WHAT TO DO:
Only a number is required: the count of lines in the material below that contain "simulink".

EXERCISE INPUTS:
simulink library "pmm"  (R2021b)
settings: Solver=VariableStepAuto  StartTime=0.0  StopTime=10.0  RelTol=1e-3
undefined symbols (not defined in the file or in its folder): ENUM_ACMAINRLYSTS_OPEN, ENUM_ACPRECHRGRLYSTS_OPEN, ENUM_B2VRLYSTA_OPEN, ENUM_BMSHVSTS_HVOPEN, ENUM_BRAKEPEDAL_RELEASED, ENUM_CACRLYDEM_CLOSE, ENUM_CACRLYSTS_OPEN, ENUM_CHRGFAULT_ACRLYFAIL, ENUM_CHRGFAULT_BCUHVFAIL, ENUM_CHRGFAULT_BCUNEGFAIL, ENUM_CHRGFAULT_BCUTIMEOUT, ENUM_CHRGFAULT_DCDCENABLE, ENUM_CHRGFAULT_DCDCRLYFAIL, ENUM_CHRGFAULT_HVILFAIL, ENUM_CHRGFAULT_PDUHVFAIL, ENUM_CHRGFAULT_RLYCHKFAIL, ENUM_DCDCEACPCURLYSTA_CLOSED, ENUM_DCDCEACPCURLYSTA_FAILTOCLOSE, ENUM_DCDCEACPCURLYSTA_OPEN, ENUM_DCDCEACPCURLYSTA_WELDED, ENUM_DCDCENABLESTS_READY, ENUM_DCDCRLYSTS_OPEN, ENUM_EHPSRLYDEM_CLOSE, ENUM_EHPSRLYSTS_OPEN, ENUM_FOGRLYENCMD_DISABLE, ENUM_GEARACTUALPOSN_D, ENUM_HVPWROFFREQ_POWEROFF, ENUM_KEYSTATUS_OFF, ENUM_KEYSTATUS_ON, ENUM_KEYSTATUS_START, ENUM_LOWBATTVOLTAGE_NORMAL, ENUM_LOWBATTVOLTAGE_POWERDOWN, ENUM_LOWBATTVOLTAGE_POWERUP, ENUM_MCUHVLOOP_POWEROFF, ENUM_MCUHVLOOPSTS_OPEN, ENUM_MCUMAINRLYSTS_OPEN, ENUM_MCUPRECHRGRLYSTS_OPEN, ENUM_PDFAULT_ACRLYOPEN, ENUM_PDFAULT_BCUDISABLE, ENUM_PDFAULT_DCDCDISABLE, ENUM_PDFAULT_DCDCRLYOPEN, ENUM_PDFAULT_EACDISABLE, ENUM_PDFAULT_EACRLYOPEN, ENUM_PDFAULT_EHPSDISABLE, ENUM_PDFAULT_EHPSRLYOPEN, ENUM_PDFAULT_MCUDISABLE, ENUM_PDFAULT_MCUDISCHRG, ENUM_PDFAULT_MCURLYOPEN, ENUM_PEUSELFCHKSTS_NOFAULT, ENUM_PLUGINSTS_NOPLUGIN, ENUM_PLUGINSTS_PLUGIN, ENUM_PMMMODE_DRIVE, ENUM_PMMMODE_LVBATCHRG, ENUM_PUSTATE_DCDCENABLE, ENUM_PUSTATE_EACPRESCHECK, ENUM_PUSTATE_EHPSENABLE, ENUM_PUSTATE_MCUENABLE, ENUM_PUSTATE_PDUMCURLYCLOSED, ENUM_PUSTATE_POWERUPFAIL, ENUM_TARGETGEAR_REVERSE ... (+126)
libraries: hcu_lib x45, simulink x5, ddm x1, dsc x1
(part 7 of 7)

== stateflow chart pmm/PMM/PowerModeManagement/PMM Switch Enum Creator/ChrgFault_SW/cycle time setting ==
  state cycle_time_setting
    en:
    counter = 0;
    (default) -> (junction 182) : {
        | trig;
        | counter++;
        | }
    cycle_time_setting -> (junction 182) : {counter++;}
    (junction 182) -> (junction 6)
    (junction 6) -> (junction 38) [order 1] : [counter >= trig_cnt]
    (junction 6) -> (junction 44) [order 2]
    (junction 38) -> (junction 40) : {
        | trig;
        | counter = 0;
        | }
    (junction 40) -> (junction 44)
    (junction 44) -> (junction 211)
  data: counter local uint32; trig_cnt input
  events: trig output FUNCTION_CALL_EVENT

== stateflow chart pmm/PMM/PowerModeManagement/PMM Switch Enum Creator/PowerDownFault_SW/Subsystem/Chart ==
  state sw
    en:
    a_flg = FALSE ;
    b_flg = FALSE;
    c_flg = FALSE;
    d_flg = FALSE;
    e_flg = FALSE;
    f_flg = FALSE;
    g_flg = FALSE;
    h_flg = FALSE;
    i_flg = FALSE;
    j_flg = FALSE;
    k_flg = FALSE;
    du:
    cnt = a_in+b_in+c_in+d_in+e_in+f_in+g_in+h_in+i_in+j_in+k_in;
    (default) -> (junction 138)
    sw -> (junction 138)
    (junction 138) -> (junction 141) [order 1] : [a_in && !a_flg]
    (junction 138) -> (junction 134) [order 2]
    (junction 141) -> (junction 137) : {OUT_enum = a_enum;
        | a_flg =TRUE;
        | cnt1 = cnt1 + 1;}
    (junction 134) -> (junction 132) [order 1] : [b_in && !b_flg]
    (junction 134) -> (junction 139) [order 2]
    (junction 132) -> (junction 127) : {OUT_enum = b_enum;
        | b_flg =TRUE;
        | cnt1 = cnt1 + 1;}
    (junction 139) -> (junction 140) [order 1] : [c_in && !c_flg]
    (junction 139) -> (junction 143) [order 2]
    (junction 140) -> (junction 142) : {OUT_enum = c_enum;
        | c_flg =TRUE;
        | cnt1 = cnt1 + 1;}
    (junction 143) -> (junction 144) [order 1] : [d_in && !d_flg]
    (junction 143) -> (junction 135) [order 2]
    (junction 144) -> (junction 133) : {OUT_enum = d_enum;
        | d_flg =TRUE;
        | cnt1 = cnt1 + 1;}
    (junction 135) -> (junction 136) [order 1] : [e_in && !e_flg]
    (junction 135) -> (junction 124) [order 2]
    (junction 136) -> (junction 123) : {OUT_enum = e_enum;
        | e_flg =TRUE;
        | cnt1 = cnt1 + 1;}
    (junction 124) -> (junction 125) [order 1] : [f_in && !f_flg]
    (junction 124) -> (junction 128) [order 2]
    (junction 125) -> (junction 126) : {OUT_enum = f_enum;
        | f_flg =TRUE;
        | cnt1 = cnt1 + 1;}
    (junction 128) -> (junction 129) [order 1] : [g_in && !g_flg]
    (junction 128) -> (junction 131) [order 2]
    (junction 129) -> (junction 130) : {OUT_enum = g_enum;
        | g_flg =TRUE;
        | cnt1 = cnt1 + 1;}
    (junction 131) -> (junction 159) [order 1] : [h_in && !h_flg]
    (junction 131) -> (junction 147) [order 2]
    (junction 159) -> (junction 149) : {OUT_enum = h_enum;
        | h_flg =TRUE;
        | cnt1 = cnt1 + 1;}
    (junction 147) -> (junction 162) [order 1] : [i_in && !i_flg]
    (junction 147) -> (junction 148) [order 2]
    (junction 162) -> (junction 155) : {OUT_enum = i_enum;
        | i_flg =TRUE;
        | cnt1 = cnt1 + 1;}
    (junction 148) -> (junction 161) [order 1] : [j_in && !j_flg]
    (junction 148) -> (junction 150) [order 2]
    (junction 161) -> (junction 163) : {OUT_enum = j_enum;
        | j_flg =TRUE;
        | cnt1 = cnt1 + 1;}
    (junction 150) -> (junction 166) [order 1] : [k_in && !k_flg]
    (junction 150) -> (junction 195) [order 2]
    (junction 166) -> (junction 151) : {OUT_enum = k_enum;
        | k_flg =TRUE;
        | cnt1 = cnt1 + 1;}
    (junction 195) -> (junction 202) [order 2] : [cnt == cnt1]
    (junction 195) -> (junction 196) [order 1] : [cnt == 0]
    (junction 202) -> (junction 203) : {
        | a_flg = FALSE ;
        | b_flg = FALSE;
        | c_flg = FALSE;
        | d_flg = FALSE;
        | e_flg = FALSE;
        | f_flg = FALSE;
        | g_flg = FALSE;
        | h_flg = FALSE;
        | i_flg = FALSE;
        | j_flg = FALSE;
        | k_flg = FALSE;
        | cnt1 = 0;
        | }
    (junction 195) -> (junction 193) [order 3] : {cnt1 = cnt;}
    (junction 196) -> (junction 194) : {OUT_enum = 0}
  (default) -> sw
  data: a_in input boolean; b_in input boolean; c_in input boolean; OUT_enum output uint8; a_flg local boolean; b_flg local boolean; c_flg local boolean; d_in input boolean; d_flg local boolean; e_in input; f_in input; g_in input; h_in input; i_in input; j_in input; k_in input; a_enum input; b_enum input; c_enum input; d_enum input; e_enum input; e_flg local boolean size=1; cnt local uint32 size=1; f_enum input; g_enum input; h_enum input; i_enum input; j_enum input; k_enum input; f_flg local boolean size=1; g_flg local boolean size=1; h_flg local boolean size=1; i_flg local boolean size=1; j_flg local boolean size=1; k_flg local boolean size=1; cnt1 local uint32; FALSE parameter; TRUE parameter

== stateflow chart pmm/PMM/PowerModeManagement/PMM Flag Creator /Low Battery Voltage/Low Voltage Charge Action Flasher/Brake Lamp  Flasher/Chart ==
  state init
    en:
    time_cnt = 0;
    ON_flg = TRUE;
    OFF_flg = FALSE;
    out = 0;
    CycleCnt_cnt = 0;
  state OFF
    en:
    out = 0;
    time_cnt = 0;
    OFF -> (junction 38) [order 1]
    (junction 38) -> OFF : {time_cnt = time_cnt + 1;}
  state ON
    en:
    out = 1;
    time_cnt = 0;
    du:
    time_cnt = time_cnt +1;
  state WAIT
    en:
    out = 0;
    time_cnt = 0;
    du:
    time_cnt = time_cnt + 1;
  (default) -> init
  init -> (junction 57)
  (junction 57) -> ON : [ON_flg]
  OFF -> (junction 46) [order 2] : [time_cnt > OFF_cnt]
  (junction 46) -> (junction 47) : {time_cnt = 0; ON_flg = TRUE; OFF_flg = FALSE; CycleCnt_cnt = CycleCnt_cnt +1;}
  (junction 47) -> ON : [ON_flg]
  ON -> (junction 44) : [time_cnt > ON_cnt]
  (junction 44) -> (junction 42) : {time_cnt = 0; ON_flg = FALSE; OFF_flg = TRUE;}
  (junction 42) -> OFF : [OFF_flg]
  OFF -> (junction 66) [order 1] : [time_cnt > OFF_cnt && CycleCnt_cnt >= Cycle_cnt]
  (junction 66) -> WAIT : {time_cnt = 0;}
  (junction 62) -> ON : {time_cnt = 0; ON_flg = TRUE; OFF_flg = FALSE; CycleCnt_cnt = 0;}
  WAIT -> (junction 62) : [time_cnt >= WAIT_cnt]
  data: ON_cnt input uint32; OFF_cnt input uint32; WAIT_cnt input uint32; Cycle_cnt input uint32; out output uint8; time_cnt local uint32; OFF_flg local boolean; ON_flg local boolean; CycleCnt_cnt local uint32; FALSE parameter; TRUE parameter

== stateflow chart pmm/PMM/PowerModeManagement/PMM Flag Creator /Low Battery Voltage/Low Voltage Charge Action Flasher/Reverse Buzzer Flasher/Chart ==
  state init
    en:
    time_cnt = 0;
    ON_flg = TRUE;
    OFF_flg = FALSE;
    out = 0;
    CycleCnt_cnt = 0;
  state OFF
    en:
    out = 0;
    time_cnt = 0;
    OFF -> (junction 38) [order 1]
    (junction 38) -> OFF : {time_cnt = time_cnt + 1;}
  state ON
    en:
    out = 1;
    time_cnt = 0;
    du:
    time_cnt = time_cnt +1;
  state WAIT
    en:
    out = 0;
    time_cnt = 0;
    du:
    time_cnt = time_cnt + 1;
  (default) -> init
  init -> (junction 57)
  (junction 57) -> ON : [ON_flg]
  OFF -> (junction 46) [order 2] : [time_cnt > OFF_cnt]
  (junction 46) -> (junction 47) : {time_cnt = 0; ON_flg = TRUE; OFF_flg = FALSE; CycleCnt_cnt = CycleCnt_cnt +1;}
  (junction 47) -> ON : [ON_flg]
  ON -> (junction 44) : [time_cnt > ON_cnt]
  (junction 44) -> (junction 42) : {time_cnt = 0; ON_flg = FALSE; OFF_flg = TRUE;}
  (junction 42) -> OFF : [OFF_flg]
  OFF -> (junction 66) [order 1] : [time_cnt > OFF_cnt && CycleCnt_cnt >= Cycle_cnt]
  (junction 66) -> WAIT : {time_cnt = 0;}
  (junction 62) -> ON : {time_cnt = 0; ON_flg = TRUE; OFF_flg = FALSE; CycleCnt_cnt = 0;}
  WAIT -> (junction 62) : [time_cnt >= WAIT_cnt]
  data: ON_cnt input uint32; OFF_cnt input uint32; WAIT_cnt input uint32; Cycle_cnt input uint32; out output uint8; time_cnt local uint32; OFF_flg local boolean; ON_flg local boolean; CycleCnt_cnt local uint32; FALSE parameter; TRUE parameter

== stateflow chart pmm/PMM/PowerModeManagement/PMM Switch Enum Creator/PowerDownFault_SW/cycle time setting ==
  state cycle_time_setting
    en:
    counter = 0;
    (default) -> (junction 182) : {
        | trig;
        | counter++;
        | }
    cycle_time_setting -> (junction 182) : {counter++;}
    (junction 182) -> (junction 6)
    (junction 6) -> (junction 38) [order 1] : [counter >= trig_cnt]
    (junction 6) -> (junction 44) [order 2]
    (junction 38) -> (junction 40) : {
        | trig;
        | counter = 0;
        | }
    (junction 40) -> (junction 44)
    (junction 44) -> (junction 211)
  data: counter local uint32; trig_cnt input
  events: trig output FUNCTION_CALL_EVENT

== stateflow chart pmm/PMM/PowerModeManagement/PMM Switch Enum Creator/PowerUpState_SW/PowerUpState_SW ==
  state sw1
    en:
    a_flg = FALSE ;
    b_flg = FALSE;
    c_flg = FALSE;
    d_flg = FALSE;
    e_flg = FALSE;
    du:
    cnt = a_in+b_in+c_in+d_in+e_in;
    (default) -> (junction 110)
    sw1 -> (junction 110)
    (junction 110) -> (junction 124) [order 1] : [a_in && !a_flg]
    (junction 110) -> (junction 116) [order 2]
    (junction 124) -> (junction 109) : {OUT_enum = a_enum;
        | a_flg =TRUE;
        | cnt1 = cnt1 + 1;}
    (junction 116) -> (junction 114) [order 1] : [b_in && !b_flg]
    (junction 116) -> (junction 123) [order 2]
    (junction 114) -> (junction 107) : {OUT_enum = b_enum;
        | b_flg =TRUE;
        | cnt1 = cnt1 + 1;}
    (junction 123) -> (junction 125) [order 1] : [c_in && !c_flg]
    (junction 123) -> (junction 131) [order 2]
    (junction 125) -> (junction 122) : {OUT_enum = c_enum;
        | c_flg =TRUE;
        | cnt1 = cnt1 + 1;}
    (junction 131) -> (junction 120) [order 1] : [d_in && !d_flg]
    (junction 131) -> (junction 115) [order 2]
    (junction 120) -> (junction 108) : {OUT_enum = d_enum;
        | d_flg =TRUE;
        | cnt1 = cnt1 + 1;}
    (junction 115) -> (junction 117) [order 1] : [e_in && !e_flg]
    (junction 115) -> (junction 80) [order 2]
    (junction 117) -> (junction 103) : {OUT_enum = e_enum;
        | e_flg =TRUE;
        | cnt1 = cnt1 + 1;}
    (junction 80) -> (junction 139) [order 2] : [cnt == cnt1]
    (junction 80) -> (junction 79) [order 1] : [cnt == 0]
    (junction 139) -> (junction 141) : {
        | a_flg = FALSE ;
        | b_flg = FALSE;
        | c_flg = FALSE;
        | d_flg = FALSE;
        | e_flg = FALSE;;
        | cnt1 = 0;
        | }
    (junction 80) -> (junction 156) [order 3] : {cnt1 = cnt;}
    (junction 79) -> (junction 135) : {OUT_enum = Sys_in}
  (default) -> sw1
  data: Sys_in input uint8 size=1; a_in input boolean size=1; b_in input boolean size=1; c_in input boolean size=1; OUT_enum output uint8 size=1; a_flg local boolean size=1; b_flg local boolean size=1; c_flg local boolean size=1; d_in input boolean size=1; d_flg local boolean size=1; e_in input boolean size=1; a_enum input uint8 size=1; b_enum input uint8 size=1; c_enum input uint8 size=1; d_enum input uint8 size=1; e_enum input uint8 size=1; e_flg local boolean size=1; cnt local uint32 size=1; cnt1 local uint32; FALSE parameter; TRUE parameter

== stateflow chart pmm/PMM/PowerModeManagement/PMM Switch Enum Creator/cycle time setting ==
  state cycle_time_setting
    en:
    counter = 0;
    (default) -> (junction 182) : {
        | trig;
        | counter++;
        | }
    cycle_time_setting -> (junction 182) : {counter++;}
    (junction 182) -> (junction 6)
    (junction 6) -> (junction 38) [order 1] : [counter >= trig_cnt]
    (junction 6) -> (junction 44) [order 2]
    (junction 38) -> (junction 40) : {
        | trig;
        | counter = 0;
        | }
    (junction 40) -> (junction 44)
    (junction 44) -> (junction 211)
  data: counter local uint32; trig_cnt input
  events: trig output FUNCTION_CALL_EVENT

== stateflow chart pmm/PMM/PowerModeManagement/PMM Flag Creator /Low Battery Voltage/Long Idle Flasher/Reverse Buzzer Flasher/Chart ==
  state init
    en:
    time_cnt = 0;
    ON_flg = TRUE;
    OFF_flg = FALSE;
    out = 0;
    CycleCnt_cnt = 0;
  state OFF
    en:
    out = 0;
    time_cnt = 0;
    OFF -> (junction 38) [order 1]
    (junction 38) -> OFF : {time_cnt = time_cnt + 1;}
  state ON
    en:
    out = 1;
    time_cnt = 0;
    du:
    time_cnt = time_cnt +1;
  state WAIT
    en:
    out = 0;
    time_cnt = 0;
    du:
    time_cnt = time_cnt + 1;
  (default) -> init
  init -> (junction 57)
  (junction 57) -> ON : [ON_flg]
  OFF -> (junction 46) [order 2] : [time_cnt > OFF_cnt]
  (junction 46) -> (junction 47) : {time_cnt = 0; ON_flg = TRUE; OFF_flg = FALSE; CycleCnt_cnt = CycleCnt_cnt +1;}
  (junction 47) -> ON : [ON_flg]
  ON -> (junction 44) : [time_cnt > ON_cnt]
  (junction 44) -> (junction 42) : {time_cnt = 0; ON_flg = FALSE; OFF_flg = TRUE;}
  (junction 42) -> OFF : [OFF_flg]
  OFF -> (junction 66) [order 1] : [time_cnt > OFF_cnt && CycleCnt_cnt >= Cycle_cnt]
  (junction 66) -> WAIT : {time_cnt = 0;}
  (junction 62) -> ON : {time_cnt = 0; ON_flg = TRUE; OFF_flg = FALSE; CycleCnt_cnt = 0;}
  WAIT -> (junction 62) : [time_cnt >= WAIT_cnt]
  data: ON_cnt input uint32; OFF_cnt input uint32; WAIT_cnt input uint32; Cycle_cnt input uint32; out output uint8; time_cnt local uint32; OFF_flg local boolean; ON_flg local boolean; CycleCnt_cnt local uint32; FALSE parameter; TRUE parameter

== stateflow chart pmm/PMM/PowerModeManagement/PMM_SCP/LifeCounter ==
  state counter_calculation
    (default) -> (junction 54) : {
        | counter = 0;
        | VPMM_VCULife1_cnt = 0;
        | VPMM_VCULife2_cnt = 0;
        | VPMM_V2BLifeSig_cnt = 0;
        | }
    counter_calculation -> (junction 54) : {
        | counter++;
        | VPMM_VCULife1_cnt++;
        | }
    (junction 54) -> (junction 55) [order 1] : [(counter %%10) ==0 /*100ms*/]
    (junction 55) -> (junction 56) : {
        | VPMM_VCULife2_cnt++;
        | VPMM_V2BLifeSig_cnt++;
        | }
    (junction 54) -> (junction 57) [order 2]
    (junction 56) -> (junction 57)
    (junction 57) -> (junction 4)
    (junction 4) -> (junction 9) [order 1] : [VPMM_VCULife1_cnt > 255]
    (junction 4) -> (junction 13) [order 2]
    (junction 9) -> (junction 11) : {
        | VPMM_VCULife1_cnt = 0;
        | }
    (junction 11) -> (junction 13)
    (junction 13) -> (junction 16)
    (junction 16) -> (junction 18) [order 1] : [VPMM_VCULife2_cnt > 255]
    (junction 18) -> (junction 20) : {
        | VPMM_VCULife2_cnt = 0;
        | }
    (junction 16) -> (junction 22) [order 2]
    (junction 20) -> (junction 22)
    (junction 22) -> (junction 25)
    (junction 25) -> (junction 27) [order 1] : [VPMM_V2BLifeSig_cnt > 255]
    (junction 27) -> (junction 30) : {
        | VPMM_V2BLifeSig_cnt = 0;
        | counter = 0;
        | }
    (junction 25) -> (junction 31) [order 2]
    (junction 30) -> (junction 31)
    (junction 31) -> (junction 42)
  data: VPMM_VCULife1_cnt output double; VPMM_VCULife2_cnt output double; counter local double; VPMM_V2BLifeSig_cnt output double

SOLUTION TO THE PROBLEM:
2